- [Task item]:
Output each line exactly as written, from the first line of the records to the line bearing "#38=AXIS2_PLACEMENT_3D('',#35,#36,#37);", inclusive, while leaving every picture out.

- [Data for this task]:
···

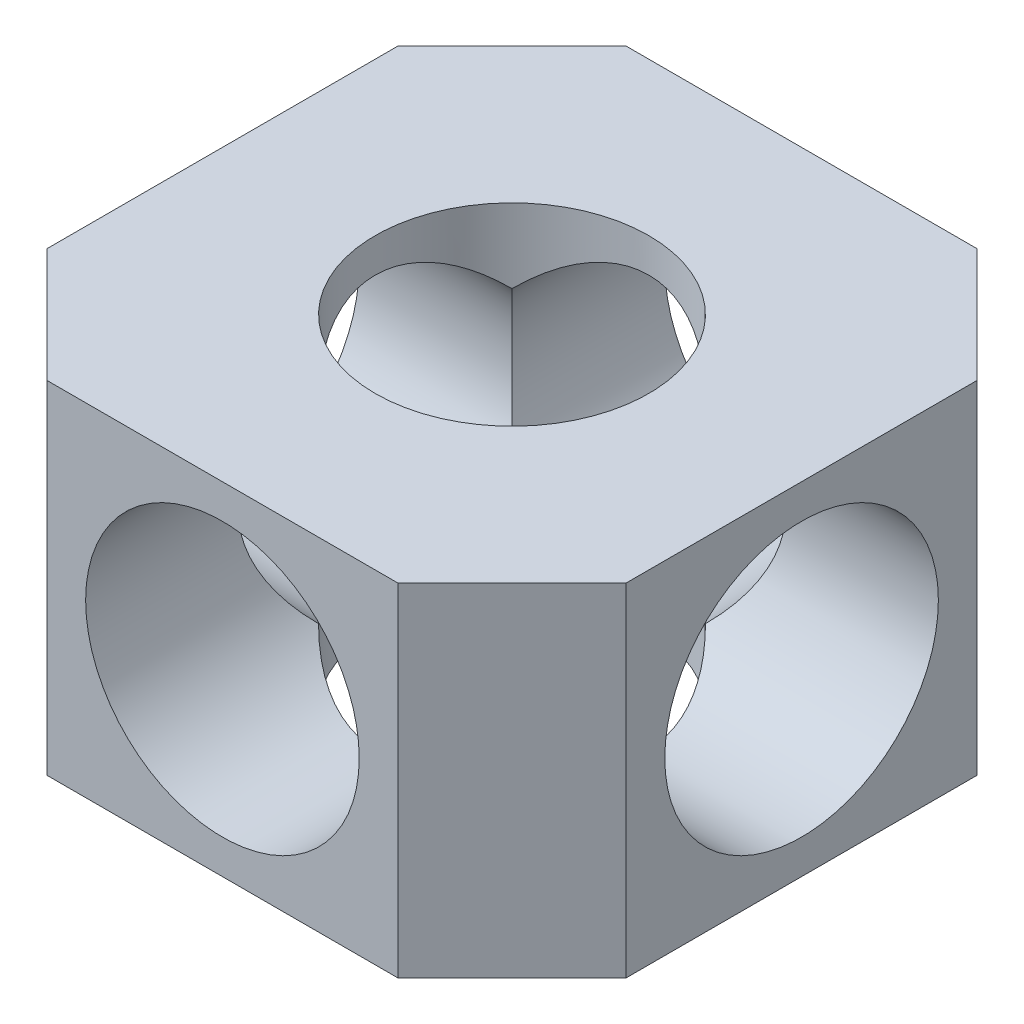
ISO-10303-21;
HEADER;
FILE_DESCRIPTION(('STEP AP214'),'2;1');
FILE_NAME('part.step','',(''),(''),'','','');
FILE_SCHEMA(('AUTOMOTIVE_DESIGN { 1 0 10303 214 1 1 1 1 }'));
ENDSEC;
DATA;
#1=APPLICATION_CONTEXT('core data for automotive mechanical design processes');
#2=APPLICATION_PROTOCOL_DEFINITION('international standard','automotive_design',2000,#1);
#3=PRODUCT_CONTEXT('',#1,'mechanical');
#4=PRODUCT('Part','Part','',(#3));
#5=PRODUCT_RELATED_PRODUCT_CATEGORY('part','',(#4));
#6=PRODUCT_DEFINITION_FORMATION('','',#4);
#7=PRODUCT_DEFINITION_CONTEXT('part definition',#1,'design');
#8=PRODUCT_DEFINITION('design','',#6,#7);
#9=PRODUCT_DEFINITION_SHAPE('','',#8);
#10=(LENGTH_UNIT() NAMED_UNIT(*) SI_UNIT(.MILLI.,.METRE.));
#11=(NAMED_UNIT(*) PLANE_ANGLE_UNIT() SI_UNIT($,.RADIAN.));
#12=(NAMED_UNIT(*) SI_UNIT($,.STERADIAN.) SOLID_ANGLE_UNIT());
#13=UNCERTAINTY_MEASURE_WITH_UNIT(LENGTH_MEASURE(1.E-05),#10,'distance_accuracy_value','');
#14=(GEOMETRIC_REPRESENTATION_CONTEXT(3) GLOBAL_UNCERTAINTY_ASSIGNED_CONTEXT((#13)) GLOBAL_UNIT_ASSIGNED_CONTEXT((#10,
#11,#12)) REPRESENTATION_CONTEXT('',''));
#15=CARTESIAN_POINT('',(0.,0.,0.));
#16=DIRECTION('',(0.,0.,1.));
#17=DIRECTION('',(1.,0.,0.));
#18=AXIS2_PLACEMENT_3D('',#15,#16,#17);
#19=CARTESIAN_POINT('',(0.,-7.5,0.));
#20=DIRECTION('',(0.,1.,0.));
#21=DIRECTION('',(0.,0.,1.));
#22=AXIS2_PLACEMENT_3D('',#19,#20,#21);
#23=CYLINDRICAL_SURFACE('',#22,6.);
#24=CARTESIAN_POINT('',(0.,-7.5,0.));
#25=DIRECTION('',(0.,1.,0.));
#26=DIRECTION('',(0.,0.,1.));
#27=AXIS2_PLACEMENT_3D('',#24,#25,#26);
#28=CIRCLE('',#27,6.);
#29=CARTESIAN_POINT('',(0.,-7.5,6.));
#30=VERTEX_POINT('',#29);
#31=EDGE_CURVE('E175',#30,#30,#28,.T.);
#32=ORIENTED_EDGE('',*,*,#31,.F.);
#33=EDGE_LOOP('',(#32));
#34=FACE_BOUND('',#33,.T.);
#35=CARTESIAN_POINT('',(0.,0.,0.));
#36=DIRECTION('',(0.,0.707106781186548,0.707106781186547));
#37=DIRECTION('',(0.,-0.707106781186548,0.707106781186547));
#38=AXIS2_PLACEMENT_3D('',#35,#36,#37);
#39=ELLIPSE('',#38,8.48528137423857,6.);
#40=CARTESIAN_POINT('',(4.2426406871193,-4.24264068711928,4.24264068711928));
#41=VERTEX_POINT('',#40);
#42=CARTESIAN_POINT('',(-4.24264068711927,-4.24264068711931,4.24264068711931));
#43=VERTEX_POINT('',#42);
#44=EDGE_CURVE('E153',#41,#43,#39,.F.);
#45=ORIENTED_EDGE('',*,*,#44,.F.);
#46=CARTESIAN_POINT('',(0.,0.,0.));
#47=DIRECTION('',(0.707106781186547,0.707106781186547,0.));
#48=DIRECTION('',(0.707106781186547,-0.707106781186547,0.));
#49=AXIS2_PLACEMENT_3D('',#46,#47,#48);
#50=ELLIPSE('',#49,8.48528137423857,6.);
#51=CARTESIAN_POINT('',(4.24264068711928,-4.24264068711929,-4.24264068711929));
#52=VERTEX_POINT('',#51);
#53=EDGE_CURVE('E425',#52,#41,#50,.F.);
#54=ORIENTED_EDGE('',*,*,#53,.F.);
#55=CARTESIAN_POINT('',(0.,0.,0.));
#56=DIRECTION('',(0.,0.707106781186547,-0.707106781186547));
#57=DIRECTION('',(0.,-0.707106781186547,-0.707106781186547));
#58=AXIS2_PLACEMENT_3D('',#55,#56,#57);
#59=ELLIPSE('',#58,8.48528137423857,6.);
#60=CARTESIAN_POINT('',(-4.24264068711931,-4.24264068711926,-4.24264068711926));
#61=VERTEX_POINT('',#60);
#62=EDGE_CURVE('E155',#61,#52,#59,.F.);
#63=ORIENTED_EDGE('',*,*,#62,.F.);
#64=CARTESIAN_POINT('',(0.,0.,0.));
#65=DIRECTION('',(-0.707106781186547,0.707106781186547,0.));
#66=DIRECTION('',(-0.707106781186547,-0.707106781186547,0.));
#67=AXIS2_PLACEMENT_3D('',#64,#65,#66);
#68=ELLIPSE('',#67,8.48528137423857,6.);
#69=EDGE_CURVE('E142',#43,#61,#68,.F.);
#70=ORIENTED_EDGE('',*,*,#69,.F.);
#71=EDGE_LOOP('',(#45,#54,#63,#70));
#72=FACE_BOUND('',#71,.T.);
#73=ADVANCED_FACE('F49',(#34,#72),#23,.F.);
#74=CARTESIAN_POINT('',(12.7,7.5,-12.7));
#75=DIRECTION('',(-1.,0.,0.));
#76=DIRECTION('',(0.,0.,1.));
#77=AXIS2_PLACEMENT_3D('',#74,#75,#76);
#78=PLANE('',#77);
#79=CARTESIAN_POINT('',(12.7,0.,0.));
#80=DIRECTION('',(1.,0.,0.));
#81=DIRECTION('',(0.,0.,-1.));
#82=AXIS2_PLACEMENT_3D('',#79,#80,#81);
#83=CIRCLE('',#82,6.);
#84=CARTESIAN_POINT('',(12.7,0.,-6.00000000000005));
#85=VERTEX_POINT('',#84);
#86=EDGE_CURVE('E428',#85,#85,#83,.T.);
#87=ORIENTED_EDGE('',*,*,#86,.F.);
#88=EDGE_LOOP('',(#87));
#89=FACE_BOUND('',#88,.T.);
#90=DIRECTION('',(0.,0.,-1.));
#91=VECTOR('',#90,1.);
#92=CARTESIAN_POINT('',(12.7,7.5,-12.7));
#93=LINE('',#92,#91);
#94=CARTESIAN_POINT('',(12.7,7.5,7.69999999999998));
#95=VERTEX_POINT('',#94);
#96=CARTESIAN_POINT('',(12.7,7.5,-7.69999999999998));
#97=VERTEX_POINT('',#96);
#98=EDGE_CURVE('E183',#95,#97,#93,.T.);
#99=ORIENTED_EDGE('',*,*,#98,.F.);
#100=DIRECTION('',(0.,-1.,0.));
#101=VECTOR('',#100,1.);
#102=CARTESIAN_POINT('',(12.7,7.5,7.69999999999998));
#103=LINE('',#102,#101);
#104=CARTESIAN_POINT('',(12.7,-7.5,7.69999999999998));
#105=VERTEX_POINT('',#104);
#106=EDGE_CURVE('E253',#95,#105,#103,.T.);
#107=ORIENTED_EDGE('',*,*,#106,.T.);
#108=DIRECTION('',(0.,0.,-1.));
#109=VECTOR('',#108,1.);
#110=CARTESIAN_POINT('',(12.7,-7.5,-12.7));
#111=LINE('',#110,#109);
#112=CARTESIAN_POINT('',(12.7,-7.5,-7.69999999999998));
#113=VERTEX_POINT('',#112);
#114=EDGE_CURVE('E179',#105,#113,#111,.T.);
#115=ORIENTED_EDGE('',*,*,#114,.T.);
#116=DIRECTION('',(0.,1.,0.));
#117=VECTOR('',#116,1.);
#118=CARTESIAN_POINT('',(12.7,7.5,-7.69999999999998));
#119=LINE('',#118,#117);
#120=EDGE_CURVE('E250',#113,#97,#119,.T.);
#121=ORIENTED_EDGE('',*,*,#120,.T.);
#122=EDGE_LOOP('',(#99,#107,#115,#121));
#123=FACE_BOUND('',#122,.T.);
#124=ADVANCED_FACE('F292',(#89,#123),#78,.F.);
#125=CARTESIAN_POINT('',(-12.7,7.5,-12.7));
#126=DIRECTION('',(0.,0.,1.));
#127=DIRECTION('',(1.,0.,0.));
#128=AXIS2_PLACEMENT_3D('',#125,#126,#127);
#129=PLANE('',#128);
#130=CARTESIAN_POINT('',(0.,0.,-12.7));
#131=DIRECTION('',(0.,0.,-1.));
#132=DIRECTION('',(-1.,0.,0.));
#133=AXIS2_PLACEMENT_3D('',#130,#131,#132);
#134=CIRCLE('',#133,6.);
#135=CARTESIAN_POINT('',(-6.,0.,-12.7));
#136=VERTEX_POINT('',#135);
#137=EDGE_CURVE('E409',#136,#136,#134,.T.);
#138=ORIENTED_EDGE('',*,*,#137,.F.);
#139=EDGE_LOOP('',(#138));
#140=FACE_BOUND('',#139,.T.);
#141=DIRECTION('',(-1.,0.,0.));
#142=VECTOR('',#141,1.);
#143=CARTESIAN_POINT('',(-12.7,-7.5,-12.7));
#144=LINE('',#143,#142);
#145=CARTESIAN_POINT('',(7.69999999999999,-7.5,-12.7));
#146=VERTEX_POINT('',#145);
#147=CARTESIAN_POINT('',(-7.69999999999999,-7.5,-12.7));
#148=VERTEX_POINT('',#147);
#149=EDGE_CURVE('E203',#146,#148,#144,.T.);
#150=ORIENTED_EDGE('',*,*,#149,.T.);
#151=DIRECTION('',(0.,1.,0.));
#152=VECTOR('',#151,1.);
#153=CARTESIAN_POINT('',(-7.69999999999999,7.5,-12.7));
#154=LINE('',#153,#152);
#155=CARTESIAN_POINT('',(-7.69999999999999,7.5,-12.7));
#156=VERTEX_POINT('',#155);
#157=EDGE_CURVE('E11',#148,#156,#154,.T.);
#158=ORIENTED_EDGE('',*,*,#157,.T.);
#159=DIRECTION('',(-1.,0.,0.));
#160=VECTOR('',#159,1.);
#161=CARTESIAN_POINT('',(-12.7,7.5,-12.7));
#162=LINE('',#161,#160);
#163=CARTESIAN_POINT('',(7.69999999999999,7.5,-12.7));
#164=VERTEX_POINT('',#163);
#165=EDGE_CURVE('E187',#164,#156,#162,.T.);
#166=ORIENTED_EDGE('',*,*,#165,.F.);
#167=DIRECTION('',(0.,-1.,0.));
#168=VECTOR('',#167,1.);
#169=CARTESIAN_POINT('',(7.69999999999999,7.5,-12.7));
#170=LINE('',#169,#168);
#171=EDGE_CURVE('E59',#164,#146,#170,.T.);
#172=ORIENTED_EDGE('',*,*,#171,.T.);
#173=EDGE_LOOP('',(#150,#158,#166,#172));
#174=FACE_BOUND('',#173,.T.);
#175=ADVANCED_FACE('F260',(#140,#174),#129,.F.);
#176=CARTESIAN_POINT('',(-12.7,7.5,-12.7));
#177=DIRECTION('',(1.,0.,0.));
#178=DIRECTION('',(0.,0.,-1.));
#179=AXIS2_PLACEMENT_3D('',#176,#177,#178);
#180=PLANE('',#179);
#181=CARTESIAN_POINT('',(-12.7,0.,1.33025439009923E-13));
#182=DIRECTION('',(-1.,0.,0.));
#183=DIRECTION('',(0.,0.,1.));
#184=AXIS2_PLACEMENT_3D('',#181,#182,#183);
#185=CIRCLE('',#184,6.);
#186=CARTESIAN_POINT('',(-12.6999999999999,0.,6.00000000000013));
#187=VERTEX_POINT('',#186);
#188=EDGE_CURVE('E407',#187,#187,#185,.T.);
#189=ORIENTED_EDGE('',*,*,#188,.F.);
#190=EDGE_LOOP('',(#189));
#191=FACE_BOUND('',#190,.T.);
#192=DIRECTION('',(0.,0.,1.));
#193=VECTOR('',#192,1.);
#194=CARTESIAN_POINT('',(-12.7,-7.5,-12.7));
#195=LINE('',#194,#193);
#196=CARTESIAN_POINT('',(-12.7,-7.5,-7.69999999999999));
#197=VERTEX_POINT('',#196);
#198=CARTESIAN_POINT('',(-12.7,-7.5,7.69999999999999));
#199=VERTEX_POINT('',#198);
#200=EDGE_CURVE('E206',#197,#199,#195,.T.);
#201=ORIENTED_EDGE('',*,*,#200,.T.);
#202=DIRECTION('',(0.,1.,0.));
#203=VECTOR('',#202,1.);
#204=CARTESIAN_POINT('',(-12.7,7.5,7.69999999999999));
#205=LINE('',#204,#203);
#206=CARTESIAN_POINT('',(-12.7,7.5,7.69999999999999));
#207=VERTEX_POINT('',#206);
#208=EDGE_CURVE('E235',#199,#207,#205,.T.);
#209=ORIENTED_EDGE('',*,*,#208,.T.);
#210=DIRECTION('',(0.,0.,1.));
#211=VECTOR('',#210,1.);
#212=CARTESIAN_POINT('',(-12.7,7.5,-12.7));
#213=LINE('',#212,#211);
#214=CARTESIAN_POINT('',(-12.7,7.5,-7.69999999999999));
#215=VERTEX_POINT('',#214);
#216=EDGE_CURVE('E191',#215,#207,#213,.T.);
#217=ORIENTED_EDGE('',*,*,#216,.F.);
#218=DIRECTION('',(0.,-1.,0.));
#219=VECTOR('',#218,1.);
#220=CARTESIAN_POINT('',(-12.7,7.5,-7.69999999999999));
#221=LINE('',#220,#219);
#222=EDGE_CURVE('E231',#215,#197,#221,.T.);
#223=ORIENTED_EDGE('',*,*,#222,.T.);
#224=EDGE_LOOP('',(#201,#209,#217,#223));
#225=FACE_BOUND('',#224,.T.);
#226=ADVANCED_FACE('F274',(#191,#225),#180,.F.);
#227=CARTESIAN_POINT('',(-12.7,7.5,12.7));
#228=DIRECTION('',(0.,0.,-1.));
#229=DIRECTION('',(-1.,0.,0.));
#230=AXIS2_PLACEMENT_3D('',#227,#228,#229);
#231=PLANE('',#230);
#232=CARTESIAN_POINT('',(0.,0.,12.7));
#233=DIRECTION('',(0.,0.,1.));
#234=DIRECTION('',(1.,0.,0.));
#235=AXIS2_PLACEMENT_3D('',#232,#233,#234);
#236=CIRCLE('',#235,6.);
#237=CARTESIAN_POINT('',(6.,0.,12.7));
#238=VERTEX_POINT('',#237);
#239=EDGE_CURVE('E162',#238,#238,#236,.T.);
#240=ORIENTED_EDGE('',*,*,#239,.F.);
#241=EDGE_LOOP('',(#240));
#242=FACE_BOUND('',#241,.T.);
#243=DIRECTION('',(1.,0.,0.));
#244=VECTOR('',#243,1.);
#245=CARTESIAN_POINT('',(-12.7,7.5,12.7));
#246=LINE('',#245,#244);
#247=CARTESIAN_POINT('',(-7.69999999999998,7.5,12.7));
#248=VERTEX_POINT('',#247);
#249=CARTESIAN_POINT('',(7.69999999999998,7.5,12.7));
#250=VERTEX_POINT('',#249);
#251=EDGE_CURVE('E195',#248,#250,#246,.T.);
#252=ORIENTED_EDGE('',*,*,#251,.F.);
#253=DIRECTION('',(0.,-1.,0.));
#254=VECTOR('',#253,1.);
#255=CARTESIAN_POINT('',(-7.69999999999998,7.5,12.7));
#256=LINE('',#255,#254);
#257=CARTESIAN_POINT('',(-7.69999999999998,-7.5,12.7));
#258=VERTEX_POINT('',#257);
#259=EDGE_CURVE('E215',#248,#258,#256,.T.);
#260=ORIENTED_EDGE('',*,*,#259,.T.);
#261=DIRECTION('',(1.,0.,0.));
#262=VECTOR('',#261,1.);
#263=CARTESIAN_POINT('',(-12.7,-7.5,12.7));
#264=LINE('',#263,#262);
#265=CARTESIAN_POINT('',(7.69999999999998,-7.5,12.7));
#266=VERTEX_POINT('',#265);
#267=EDGE_CURVE('E188',#258,#266,#264,.T.);
#268=ORIENTED_EDGE('',*,*,#267,.T.);
#269=DIRECTION('',(0.,1.,0.));
#270=VECTOR('',#269,1.);
#271=CARTESIAN_POINT('',(7.69999999999998,7.5,12.7));
#272=LINE('',#271,#270);
#273=EDGE_CURVE('E199',#266,#250,#272,.T.);
#274=ORIENTED_EDGE('',*,*,#273,.T.);
#275=EDGE_LOOP('',(#252,#260,#268,#274));
#276=FACE_BOUND('',#275,.T.);
#277=ADVANCED_FACE('F284',(#242,#276),#231,.F.);
#278=CARTESIAN_POINT('',(0.,7.5,0.));
#279=DIRECTION('',(0.,1.,0.));
#280=DIRECTION('',(0.,0.,1.));
#281=AXIS2_PLACEMENT_3D('',#278,#279,#280);
#282=PLANE('',#281);
#283=CARTESIAN_POINT('',(0.,7.5,0.));
#284=DIRECTION('',(0.,1.,0.));
#285=DIRECTION('',(0.,0.,1.));
#286=AXIS2_PLACEMENT_3D('',#283,#284,#285);
#287=CIRCLE('',#286,6.);
#288=CARTESIAN_POINT('',(0.,7.5,6.));
#289=VERTEX_POINT('',#288);
#290=EDGE_CURVE('E168',#289,#289,#287,.T.);
#291=ORIENTED_EDGE('',*,*,#290,.F.);
#292=EDGE_LOOP('',(#291));
#293=FACE_BOUND('',#292,.T.);
#294=ORIENTED_EDGE('',*,*,#216,.T.);
#295=DIRECTION('',(-0.707106781186547,0.,-0.707106781186548));
#296=VECTOR('',#295,1.);
#297=CARTESIAN_POINT('',(-10.2,7.5,10.2));
#298=LINE('',#297,#296);
#299=EDGE_CURVE('E247',#207,#248,#298,.F.);
#300=ORIENTED_EDGE('',*,*,#299,.T.);
#301=ORIENTED_EDGE('',*,*,#251,.T.);
#302=DIRECTION('',(-0.707106781186548,0.,0.707106781186548));
#303=VECTOR('',#302,1.);
#304=CARTESIAN_POINT('',(10.2,7.5,10.2));
#305=LINE('',#304,#303);
#306=EDGE_CURVE('E244',#250,#95,#305,.F.);
#307=ORIENTED_EDGE('',*,*,#306,.T.);
#308=ORIENTED_EDGE('',*,*,#98,.T.);
#309=DIRECTION('',(0.707106781186548,0.,0.707106781186548));
#310=VECTOR('',#309,1.);
#311=CARTESIAN_POINT('',(10.2,7.5,-10.2));
#312=LINE('',#311,#310);
#313=EDGE_CURVE('E238',#97,#164,#312,.F.);
#314=ORIENTED_EDGE('',*,*,#313,.T.);
#315=ORIENTED_EDGE('',*,*,#165,.T.);
#316=DIRECTION('',(0.707106781186548,0.,-0.707106781186547));
#317=VECTOR('',#316,1.);
#318=CARTESIAN_POINT('',(-10.2,7.5,-10.2));
#319=LINE('',#318,#317);
#320=EDGE_CURVE('E241',#156,#215,#319,.F.);
#321=ORIENTED_EDGE('',*,*,#320,.T.);
#322=EDGE_LOOP('',(#294,#300,#301,#307,#308,#314,#315,#321));
#323=FACE_BOUND('',#322,.T.);
#324=ADVANCED_FACE('F278',(#293,#323),#282,.T.);
#325=CARTESIAN_POINT('',(0.,-7.5,0.));
#326=DIRECTION('',(0.,1.,0.));
#327=DIRECTION('',(0.,0.,1.));
#328=AXIS2_PLACEMENT_3D('',#325,#326,#327);
#329=PLANE('',#328);
#330=ORIENTED_EDGE('',*,*,#31,.T.);
#331=EDGE_LOOP('',(#330));
#332=FACE_BOUND('',#331,.T.);
#333=ORIENTED_EDGE('',*,*,#267,.F.);
#334=DIRECTION('',(0.707106781186547,0.,0.707106781186548));
#335=VECTOR('',#334,1.);
#336=CARTESIAN_POINT('',(-7.69999999999998,-7.5,12.7));
#337=LINE('',#336,#335);
#338=EDGE_CURVE('E228',#258,#199,#337,.F.);
#339=ORIENTED_EDGE('',*,*,#338,.T.);
#340=ORIENTED_EDGE('',*,*,#200,.F.);
#341=DIRECTION('',(-0.707106781186548,0.,0.707106781186547));
#342=VECTOR('',#341,1.);
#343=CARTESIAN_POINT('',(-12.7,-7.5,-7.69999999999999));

···

- [Task response]:
ISO-10303-21;
HEADER;
FILE_DESCRIPTION(('STEP AP214'),'2;1');
FILE_NAME('part.step','',(''),(''),'','','');
FILE_SCHEMA(('AUTOMOTIVE_DESIGN { 1 0 10303 214 1 1 1 1 }'));
ENDSEC;
DATA;
#1=APPLICATION_CONTEXT('core data for automotive mechanical design processes');
#2=APPLICATION_PROTOCOL_DEFINITION('international standard','automotive_design',2000,#1);
#3=PRODUCT_CONTEXT('',#1,'mechanical');
#4=PRODUCT('Part','Part','',(#3));
#5=PRODUCT_RELATED_PRODUCT_CATEGORY('part','',(#4));
#6=PRODUCT_DEFINITION_FORMATION('','',#4);
#7=PRODUCT_DEFINITION_CONTEXT('part definition',#1,'design');
#8=PRODUCT_DEFINITION('design','',#6,#7);
#9=PRODUCT_DEFINITION_SHAPE('','',#8);
#10=(LENGTH_UNIT() NAMED_UNIT(*) SI_UNIT(.MILLI.,.METRE.));
#11=(NAMED_UNIT(*) PLANE_ANGLE_UNIT() SI_UNIT($,.RADIAN.));
#12=(NAMED_UNIT(*) SI_UNIT($,.STERADIAN.) SOLID_ANGLE_UNIT());
#13=UNCERTAINTY_MEASURE_WITH_UNIT(LENGTH_MEASURE(1.E-05),#10,'distance_accuracy_value','');
#14=(GEOMETRIC_REPRESENTATION_CONTEXT(3) GLOBAL_UNCERTAINTY_ASSIGNED_CONTEXT((#13)) GLOBAL_UNIT_ASSIGNED_CONTEXT((#10,
#11,#12)) REPRESENTATION_CONTEXT('',''));
#15=CARTESIAN_POINT('',(0.,0.,0.));
#16=DIRECTION('',(0.,0.,1.));
#17=DIRECTION('',(1.,0.,0.));
#18=AXIS2_PLACEMENT_3D('',#15,#16,#17);
#19=CARTESIAN_POINT('',(0.,-7.5,0.));
#20=DIRECTION('',(0.,1.,0.));
#21=DIRECTION('',(0.,0.,1.));
#22=AXIS2_PLACEMENT_3D('',#19,#20,#21);
#23=CYLINDRICAL_SURFACE('',#22,6.);
#24=CARTESIAN_POINT('',(0.,-7.5,0.));
#25=DIRECTION('',(0.,1.,0.));
#26=DIRECTION('',(0.,0.,1.));
#27=AXIS2_PLACEMENT_3D('',#24,#25,#26);
#28=CIRCLE('',#27,6.);
#29=CARTESIAN_POINT('',(0.,-7.5,6.));
#30=VERTEX_POINT('',#29);
#31=EDGE_CURVE('E175',#30,#30,#28,.T.);
#32=ORIENTED_EDGE('',*,*,#31,.F.);
#33=EDGE_LOOP('',(#32));
#34=FACE_BOUND('',#33,.T.);
#35=CARTESIAN_POINT('',(0.,0.,0.));
#36=DIRECTION('',(0.,0.707106781186548,0.707106781186547));
#37=DIRECTION('',(0.,-0.707106781186548,0.707106781186547));
#38=AXIS2_PLACEMENT_3D('',#35,#36,#37);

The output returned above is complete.